Data entries
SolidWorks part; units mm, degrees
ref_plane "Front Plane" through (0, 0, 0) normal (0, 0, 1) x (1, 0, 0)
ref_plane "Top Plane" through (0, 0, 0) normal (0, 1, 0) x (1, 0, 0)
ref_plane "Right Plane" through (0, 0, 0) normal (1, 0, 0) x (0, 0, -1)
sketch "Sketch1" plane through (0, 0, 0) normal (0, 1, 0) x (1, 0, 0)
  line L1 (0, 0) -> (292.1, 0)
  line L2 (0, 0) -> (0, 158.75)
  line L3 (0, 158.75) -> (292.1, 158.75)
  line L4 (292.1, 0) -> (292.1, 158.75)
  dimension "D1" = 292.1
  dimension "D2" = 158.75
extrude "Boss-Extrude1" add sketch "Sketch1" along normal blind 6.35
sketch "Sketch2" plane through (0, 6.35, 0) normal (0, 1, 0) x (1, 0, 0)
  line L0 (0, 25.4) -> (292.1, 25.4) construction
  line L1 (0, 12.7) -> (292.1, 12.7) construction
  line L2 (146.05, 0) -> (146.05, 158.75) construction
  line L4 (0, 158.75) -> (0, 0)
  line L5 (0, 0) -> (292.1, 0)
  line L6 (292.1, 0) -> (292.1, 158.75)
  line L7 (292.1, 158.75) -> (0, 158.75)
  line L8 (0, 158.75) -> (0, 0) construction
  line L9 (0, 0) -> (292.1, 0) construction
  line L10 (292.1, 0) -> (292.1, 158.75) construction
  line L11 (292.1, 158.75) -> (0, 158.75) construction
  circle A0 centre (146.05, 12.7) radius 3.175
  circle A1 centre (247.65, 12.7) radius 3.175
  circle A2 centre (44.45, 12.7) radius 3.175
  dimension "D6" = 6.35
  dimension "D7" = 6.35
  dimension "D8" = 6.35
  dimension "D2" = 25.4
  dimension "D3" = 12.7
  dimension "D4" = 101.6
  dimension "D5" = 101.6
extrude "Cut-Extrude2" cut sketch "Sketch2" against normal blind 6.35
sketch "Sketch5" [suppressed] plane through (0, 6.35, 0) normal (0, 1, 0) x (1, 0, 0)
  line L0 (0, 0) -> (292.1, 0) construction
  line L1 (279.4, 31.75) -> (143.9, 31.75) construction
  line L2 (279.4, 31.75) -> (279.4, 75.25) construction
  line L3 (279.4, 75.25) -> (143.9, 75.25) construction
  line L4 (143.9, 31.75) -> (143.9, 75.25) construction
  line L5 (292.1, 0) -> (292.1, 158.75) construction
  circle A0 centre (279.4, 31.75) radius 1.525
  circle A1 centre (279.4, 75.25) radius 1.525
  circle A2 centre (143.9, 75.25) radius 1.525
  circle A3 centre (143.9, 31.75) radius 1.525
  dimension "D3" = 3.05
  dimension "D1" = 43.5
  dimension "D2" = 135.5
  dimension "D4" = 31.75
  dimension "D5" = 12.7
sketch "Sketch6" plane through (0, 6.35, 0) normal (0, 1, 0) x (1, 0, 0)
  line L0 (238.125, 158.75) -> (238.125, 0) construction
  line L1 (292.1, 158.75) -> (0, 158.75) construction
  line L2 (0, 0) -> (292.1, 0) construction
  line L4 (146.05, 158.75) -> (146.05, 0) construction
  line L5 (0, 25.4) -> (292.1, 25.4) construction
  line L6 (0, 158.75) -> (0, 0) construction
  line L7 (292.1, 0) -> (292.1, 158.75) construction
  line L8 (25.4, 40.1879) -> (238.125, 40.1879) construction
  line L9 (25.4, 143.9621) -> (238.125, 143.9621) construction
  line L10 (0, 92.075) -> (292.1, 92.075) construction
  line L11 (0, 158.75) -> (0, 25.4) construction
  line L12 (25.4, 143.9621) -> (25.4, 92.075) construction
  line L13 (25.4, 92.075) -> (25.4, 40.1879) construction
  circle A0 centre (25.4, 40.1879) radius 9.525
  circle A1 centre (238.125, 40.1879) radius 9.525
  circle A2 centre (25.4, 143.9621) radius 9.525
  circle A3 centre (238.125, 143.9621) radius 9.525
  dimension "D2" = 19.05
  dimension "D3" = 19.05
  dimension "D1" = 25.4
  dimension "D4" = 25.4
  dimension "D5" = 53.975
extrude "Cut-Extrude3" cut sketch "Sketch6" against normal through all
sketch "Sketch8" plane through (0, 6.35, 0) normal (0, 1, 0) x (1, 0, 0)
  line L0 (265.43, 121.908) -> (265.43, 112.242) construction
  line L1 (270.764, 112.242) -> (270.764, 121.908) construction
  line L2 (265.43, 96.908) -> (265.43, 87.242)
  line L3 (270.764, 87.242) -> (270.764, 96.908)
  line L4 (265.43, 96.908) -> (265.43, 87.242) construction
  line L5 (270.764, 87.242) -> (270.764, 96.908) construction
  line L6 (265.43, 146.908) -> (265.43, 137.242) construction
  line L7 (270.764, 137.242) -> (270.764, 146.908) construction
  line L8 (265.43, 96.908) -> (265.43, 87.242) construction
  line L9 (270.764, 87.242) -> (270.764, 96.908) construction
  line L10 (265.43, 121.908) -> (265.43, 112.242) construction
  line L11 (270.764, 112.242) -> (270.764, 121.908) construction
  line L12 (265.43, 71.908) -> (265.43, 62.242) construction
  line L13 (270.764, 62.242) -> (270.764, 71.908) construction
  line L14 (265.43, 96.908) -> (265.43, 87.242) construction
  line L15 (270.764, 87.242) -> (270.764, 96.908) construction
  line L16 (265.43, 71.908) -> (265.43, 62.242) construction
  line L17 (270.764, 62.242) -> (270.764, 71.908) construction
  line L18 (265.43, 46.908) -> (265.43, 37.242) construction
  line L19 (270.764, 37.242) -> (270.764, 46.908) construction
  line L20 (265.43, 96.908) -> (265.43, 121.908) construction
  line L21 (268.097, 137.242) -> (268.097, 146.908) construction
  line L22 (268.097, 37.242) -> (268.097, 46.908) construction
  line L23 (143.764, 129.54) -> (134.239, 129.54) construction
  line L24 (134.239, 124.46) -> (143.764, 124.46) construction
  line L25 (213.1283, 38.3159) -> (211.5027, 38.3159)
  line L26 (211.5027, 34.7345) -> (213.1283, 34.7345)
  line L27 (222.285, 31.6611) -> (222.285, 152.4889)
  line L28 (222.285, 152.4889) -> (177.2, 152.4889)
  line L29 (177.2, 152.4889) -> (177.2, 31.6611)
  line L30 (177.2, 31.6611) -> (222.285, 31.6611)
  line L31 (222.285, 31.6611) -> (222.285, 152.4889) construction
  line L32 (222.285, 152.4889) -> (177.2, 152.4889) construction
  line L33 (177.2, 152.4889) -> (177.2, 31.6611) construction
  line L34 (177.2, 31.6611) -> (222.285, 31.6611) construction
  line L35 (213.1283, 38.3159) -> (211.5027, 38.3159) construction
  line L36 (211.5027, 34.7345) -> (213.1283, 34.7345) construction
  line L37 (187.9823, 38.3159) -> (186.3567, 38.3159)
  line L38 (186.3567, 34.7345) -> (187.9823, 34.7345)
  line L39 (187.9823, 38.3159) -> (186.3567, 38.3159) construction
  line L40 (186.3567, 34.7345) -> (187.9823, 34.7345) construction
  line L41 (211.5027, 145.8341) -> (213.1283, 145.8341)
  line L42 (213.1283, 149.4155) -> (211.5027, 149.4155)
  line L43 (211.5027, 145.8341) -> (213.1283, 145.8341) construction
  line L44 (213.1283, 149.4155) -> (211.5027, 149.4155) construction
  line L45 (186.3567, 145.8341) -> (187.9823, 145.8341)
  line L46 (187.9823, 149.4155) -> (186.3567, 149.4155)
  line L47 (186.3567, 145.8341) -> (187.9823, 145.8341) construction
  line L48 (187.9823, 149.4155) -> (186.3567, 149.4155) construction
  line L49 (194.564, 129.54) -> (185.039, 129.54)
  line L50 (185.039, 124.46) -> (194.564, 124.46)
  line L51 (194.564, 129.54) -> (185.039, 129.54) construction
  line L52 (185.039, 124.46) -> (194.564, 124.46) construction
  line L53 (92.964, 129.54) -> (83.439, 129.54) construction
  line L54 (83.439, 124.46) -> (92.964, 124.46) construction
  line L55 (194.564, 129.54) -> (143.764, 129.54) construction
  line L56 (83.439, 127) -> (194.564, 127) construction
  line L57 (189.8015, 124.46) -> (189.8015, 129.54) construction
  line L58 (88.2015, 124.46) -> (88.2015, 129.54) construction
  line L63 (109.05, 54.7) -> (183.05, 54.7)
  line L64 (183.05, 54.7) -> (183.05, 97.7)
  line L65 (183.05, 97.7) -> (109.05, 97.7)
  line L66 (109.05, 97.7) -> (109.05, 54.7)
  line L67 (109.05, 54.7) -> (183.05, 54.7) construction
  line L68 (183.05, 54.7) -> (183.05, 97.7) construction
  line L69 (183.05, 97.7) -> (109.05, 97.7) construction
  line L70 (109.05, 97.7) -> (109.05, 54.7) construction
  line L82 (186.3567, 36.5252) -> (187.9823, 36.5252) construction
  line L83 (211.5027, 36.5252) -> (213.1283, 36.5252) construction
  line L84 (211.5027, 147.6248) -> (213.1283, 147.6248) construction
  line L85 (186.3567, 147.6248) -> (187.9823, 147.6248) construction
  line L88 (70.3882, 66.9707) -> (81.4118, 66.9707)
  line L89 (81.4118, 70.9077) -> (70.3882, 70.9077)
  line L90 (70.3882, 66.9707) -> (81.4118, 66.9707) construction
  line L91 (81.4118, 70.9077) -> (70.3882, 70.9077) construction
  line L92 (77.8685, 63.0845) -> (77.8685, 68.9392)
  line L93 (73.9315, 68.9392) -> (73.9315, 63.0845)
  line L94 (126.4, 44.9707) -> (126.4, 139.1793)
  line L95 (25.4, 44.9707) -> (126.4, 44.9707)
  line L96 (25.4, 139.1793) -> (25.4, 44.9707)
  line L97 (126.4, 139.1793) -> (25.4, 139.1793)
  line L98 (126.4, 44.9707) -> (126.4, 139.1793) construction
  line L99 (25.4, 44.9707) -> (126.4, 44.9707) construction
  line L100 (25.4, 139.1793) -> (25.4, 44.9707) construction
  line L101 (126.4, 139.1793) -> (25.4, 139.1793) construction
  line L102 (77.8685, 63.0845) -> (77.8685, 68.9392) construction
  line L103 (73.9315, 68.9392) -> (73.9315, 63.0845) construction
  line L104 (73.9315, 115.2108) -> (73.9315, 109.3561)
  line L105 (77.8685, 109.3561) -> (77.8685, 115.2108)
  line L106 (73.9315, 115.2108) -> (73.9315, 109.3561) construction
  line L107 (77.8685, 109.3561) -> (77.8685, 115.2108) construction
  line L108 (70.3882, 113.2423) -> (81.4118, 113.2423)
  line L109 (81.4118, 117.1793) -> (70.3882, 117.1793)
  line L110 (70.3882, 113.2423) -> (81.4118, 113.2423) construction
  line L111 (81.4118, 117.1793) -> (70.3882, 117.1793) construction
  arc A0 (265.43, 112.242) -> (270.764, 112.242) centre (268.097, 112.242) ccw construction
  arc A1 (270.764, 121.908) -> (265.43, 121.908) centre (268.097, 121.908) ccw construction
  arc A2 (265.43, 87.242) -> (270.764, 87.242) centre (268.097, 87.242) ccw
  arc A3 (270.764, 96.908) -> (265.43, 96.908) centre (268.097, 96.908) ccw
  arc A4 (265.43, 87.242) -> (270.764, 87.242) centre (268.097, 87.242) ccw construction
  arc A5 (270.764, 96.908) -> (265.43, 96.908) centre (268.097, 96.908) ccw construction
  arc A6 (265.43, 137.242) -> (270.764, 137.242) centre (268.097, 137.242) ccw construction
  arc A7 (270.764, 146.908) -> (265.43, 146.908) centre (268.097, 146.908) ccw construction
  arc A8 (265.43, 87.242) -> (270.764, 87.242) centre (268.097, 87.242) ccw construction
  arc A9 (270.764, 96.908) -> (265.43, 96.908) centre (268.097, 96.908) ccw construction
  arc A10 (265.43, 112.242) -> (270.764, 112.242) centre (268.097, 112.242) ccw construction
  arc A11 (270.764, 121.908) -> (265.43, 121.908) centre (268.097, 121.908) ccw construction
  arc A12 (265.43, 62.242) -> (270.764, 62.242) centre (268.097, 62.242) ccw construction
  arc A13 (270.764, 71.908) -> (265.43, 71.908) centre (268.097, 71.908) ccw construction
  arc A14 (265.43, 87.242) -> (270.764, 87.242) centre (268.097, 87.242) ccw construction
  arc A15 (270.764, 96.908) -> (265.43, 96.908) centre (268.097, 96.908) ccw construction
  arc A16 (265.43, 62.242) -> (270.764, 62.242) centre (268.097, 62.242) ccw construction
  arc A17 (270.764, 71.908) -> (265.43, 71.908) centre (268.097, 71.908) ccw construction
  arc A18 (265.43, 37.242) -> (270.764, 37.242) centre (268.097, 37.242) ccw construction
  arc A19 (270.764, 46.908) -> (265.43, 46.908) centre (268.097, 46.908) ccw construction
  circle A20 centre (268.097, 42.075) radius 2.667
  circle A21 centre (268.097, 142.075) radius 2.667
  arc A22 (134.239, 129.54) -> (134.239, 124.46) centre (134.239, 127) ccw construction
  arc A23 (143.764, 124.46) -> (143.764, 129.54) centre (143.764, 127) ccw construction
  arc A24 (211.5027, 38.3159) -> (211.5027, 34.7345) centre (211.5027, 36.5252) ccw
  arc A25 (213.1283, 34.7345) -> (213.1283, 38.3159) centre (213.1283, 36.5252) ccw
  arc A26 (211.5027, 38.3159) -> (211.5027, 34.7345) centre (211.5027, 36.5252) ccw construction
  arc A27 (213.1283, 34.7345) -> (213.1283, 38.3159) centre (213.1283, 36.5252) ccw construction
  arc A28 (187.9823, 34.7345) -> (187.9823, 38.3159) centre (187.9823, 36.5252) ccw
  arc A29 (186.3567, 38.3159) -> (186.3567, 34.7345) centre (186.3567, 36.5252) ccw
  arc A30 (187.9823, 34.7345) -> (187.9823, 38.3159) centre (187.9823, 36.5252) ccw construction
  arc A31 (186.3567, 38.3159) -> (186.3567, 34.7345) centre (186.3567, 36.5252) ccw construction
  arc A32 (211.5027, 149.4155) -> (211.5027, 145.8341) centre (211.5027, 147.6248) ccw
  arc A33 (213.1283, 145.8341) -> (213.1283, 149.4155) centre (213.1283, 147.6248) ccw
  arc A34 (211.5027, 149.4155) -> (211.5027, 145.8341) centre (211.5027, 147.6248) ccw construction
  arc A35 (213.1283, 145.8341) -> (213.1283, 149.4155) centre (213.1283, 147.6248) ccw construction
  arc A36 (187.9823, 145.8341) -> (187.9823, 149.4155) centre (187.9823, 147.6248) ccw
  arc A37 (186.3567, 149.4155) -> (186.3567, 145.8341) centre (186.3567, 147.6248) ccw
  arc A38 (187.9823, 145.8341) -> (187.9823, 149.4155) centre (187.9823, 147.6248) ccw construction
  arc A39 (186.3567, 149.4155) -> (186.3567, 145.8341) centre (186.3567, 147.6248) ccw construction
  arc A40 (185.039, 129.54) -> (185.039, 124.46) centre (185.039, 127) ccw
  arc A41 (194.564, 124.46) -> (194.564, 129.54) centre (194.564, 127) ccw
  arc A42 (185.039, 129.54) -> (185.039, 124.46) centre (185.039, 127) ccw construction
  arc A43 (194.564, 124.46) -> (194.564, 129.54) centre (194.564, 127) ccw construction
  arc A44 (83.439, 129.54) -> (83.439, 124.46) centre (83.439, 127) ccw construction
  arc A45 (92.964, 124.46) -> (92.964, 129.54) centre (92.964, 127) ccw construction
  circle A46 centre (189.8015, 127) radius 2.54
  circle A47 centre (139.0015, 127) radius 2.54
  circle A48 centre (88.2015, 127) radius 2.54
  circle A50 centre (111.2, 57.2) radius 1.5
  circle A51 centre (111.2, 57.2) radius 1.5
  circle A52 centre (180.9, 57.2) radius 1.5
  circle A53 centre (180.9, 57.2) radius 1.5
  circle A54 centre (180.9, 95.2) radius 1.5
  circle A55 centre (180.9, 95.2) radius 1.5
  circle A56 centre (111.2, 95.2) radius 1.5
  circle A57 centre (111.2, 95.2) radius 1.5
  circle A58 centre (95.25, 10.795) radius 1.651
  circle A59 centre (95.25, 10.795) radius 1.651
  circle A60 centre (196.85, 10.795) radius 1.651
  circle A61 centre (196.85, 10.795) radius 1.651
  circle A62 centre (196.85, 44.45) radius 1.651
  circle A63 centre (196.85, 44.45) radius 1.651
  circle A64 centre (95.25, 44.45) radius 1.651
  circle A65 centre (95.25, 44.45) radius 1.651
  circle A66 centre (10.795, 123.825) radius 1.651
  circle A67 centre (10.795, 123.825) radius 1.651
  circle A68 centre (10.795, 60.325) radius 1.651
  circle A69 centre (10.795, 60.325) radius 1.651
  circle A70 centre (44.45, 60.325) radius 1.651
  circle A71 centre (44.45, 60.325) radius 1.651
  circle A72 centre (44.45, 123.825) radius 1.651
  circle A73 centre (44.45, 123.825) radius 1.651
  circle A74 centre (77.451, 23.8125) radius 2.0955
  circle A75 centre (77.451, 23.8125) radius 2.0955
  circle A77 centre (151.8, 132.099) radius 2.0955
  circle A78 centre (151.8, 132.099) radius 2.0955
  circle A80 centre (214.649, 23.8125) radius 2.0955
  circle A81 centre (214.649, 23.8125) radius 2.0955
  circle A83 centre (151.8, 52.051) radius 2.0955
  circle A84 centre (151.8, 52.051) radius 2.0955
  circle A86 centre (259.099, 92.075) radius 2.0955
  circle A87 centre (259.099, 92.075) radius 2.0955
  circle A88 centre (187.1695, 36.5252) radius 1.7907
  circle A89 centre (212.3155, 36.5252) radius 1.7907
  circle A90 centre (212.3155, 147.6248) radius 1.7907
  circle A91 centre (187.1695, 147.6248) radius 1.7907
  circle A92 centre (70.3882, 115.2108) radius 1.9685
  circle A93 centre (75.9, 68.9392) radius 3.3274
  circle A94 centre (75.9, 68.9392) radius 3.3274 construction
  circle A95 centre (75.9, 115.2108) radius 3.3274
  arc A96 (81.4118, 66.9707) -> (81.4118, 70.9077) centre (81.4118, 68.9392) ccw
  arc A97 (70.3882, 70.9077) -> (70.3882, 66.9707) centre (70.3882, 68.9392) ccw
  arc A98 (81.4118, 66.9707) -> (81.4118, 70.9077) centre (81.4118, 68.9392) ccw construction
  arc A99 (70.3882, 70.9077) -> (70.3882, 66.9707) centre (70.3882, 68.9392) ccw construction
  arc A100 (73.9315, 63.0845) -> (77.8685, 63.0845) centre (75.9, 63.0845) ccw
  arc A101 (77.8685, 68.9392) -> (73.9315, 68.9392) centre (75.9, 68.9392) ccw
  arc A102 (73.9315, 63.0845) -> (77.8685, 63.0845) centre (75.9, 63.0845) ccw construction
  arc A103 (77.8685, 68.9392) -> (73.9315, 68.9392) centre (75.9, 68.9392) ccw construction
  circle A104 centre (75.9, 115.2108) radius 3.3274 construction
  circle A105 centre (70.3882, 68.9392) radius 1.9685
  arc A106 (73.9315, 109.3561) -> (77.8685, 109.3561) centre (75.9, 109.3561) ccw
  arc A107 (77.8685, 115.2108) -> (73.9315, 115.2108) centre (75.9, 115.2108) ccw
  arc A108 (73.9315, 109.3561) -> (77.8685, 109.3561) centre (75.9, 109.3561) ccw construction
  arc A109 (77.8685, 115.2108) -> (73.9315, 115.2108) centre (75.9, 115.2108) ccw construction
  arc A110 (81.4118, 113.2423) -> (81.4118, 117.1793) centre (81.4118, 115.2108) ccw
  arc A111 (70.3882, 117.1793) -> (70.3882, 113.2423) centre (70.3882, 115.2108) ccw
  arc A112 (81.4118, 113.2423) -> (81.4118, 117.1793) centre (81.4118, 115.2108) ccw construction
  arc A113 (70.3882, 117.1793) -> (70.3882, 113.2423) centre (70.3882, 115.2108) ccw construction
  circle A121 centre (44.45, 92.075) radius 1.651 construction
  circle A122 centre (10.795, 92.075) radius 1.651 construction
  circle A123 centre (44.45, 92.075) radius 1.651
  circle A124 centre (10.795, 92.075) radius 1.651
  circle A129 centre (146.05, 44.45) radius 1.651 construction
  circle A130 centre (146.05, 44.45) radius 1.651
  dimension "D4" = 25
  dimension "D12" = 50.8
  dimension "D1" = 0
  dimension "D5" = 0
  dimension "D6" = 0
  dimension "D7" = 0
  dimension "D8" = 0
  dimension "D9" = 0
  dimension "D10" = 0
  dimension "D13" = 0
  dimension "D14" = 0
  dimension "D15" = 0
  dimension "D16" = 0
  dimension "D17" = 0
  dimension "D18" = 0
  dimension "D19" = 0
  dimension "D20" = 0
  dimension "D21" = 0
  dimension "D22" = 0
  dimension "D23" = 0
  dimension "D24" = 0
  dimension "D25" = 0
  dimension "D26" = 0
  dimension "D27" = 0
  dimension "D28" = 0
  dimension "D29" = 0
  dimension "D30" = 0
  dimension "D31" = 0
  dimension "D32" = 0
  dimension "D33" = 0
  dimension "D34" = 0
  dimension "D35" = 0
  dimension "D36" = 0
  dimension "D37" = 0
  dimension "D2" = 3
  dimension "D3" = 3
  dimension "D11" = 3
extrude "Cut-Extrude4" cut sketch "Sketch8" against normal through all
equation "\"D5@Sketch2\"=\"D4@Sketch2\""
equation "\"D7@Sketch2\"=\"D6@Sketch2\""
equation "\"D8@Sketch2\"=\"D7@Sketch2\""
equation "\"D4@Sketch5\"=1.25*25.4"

### What you will do
Nothing but the lines from the start of the data through the line holding "line L2 (279.4, 31.75)" should be restated, and each one exactly.

### Written solution
SolidWorks part; units mm, degrees
ref_plane "Front Plane" through (0, 0, 0) normal (0, 0, 1) x (1, 0, 0)
ref_plane "Top Plane" through (0, 0, 0) normal (0, 1, 0) x (1, 0, 0)
ref_plane "Right Plane" through (0, 0, 0) normal (1, 0, 0) x (0, 0, -1)
sketch "Sketch1" plane through (0, 0, 0) normal (0, 1, 0) x (1, 0, 0)
  line L1 (0, 0) -> (292.1, 0)
  line L2 (0, 0) -> (0, 158.75)
  line L3 (0, 158.75) -> (292.1, 158.75)
  line L4 (292.1, 0) -> (292.1, 158.75)
  dimension "D1" = 292.1
  dimension "D2" = 158.75
extrude "Boss-Extrude1" add sketch "Sketch1" along normal blind 6.35
sketch "Sketch2" plane through (0, 6.35, 0) normal (0, 1, 0) x (1, 0, 0)
  line L0 (0, 25.4) -> (292.1, 25.4) construction
  line L1 (0, 12.7) -> (292.1, 12.7) construction
  line L2 (146.05, 0) -> (146.05, 158.75) construction
  line L4 (0, 158.75) -> (0, 0)
  line L5 (0, 0) -> (292.1, 0)
  line L6 (292.1, 0) -> (292.1, 158.75)
  line L7 (292.1, 158.75) -> (0, 158.75)
  line L8 (0, 158.75) -> (0, 0) construction
  line L9 (0, 0) -> (292.1, 0) construction
  line L10 (292.1, 0) -> (292.1, 158.75) construction
  line L11 (292.1, 158.75) -> (0, 158.75) construction
  circle A0 centre (146.05, 12.7) radius 3.175
  circle A1 centre (247.65, 12.7) radius 3.175
  circle A2 centre (44.45, 12.7) radius 3.175
  dimension "D6" = 6.35
  dimension "D7" = 6.35
  dimension "D8" = 6.35
  dimension "D2" = 25.4
  dimension "D3" = 12.7
  dimension "D4" = 101.6
  dimension "D5" = 101.6
extrude "Cut-Extrude2" cut sketch "Sketch2" against normal blind 6.35
sketch "Sketch5" [suppressed] plane through (0, 6.35, 0) normal (0, 1, 0) x (1, 0, 0)
  line L0 (0, 0) -> (292.1, 0) construction
  line L1 (279.4, 31.75) -> (143.9, 31.75) construction
  line L2 (279.4, 31.75) -> (279.4, 75.25) construction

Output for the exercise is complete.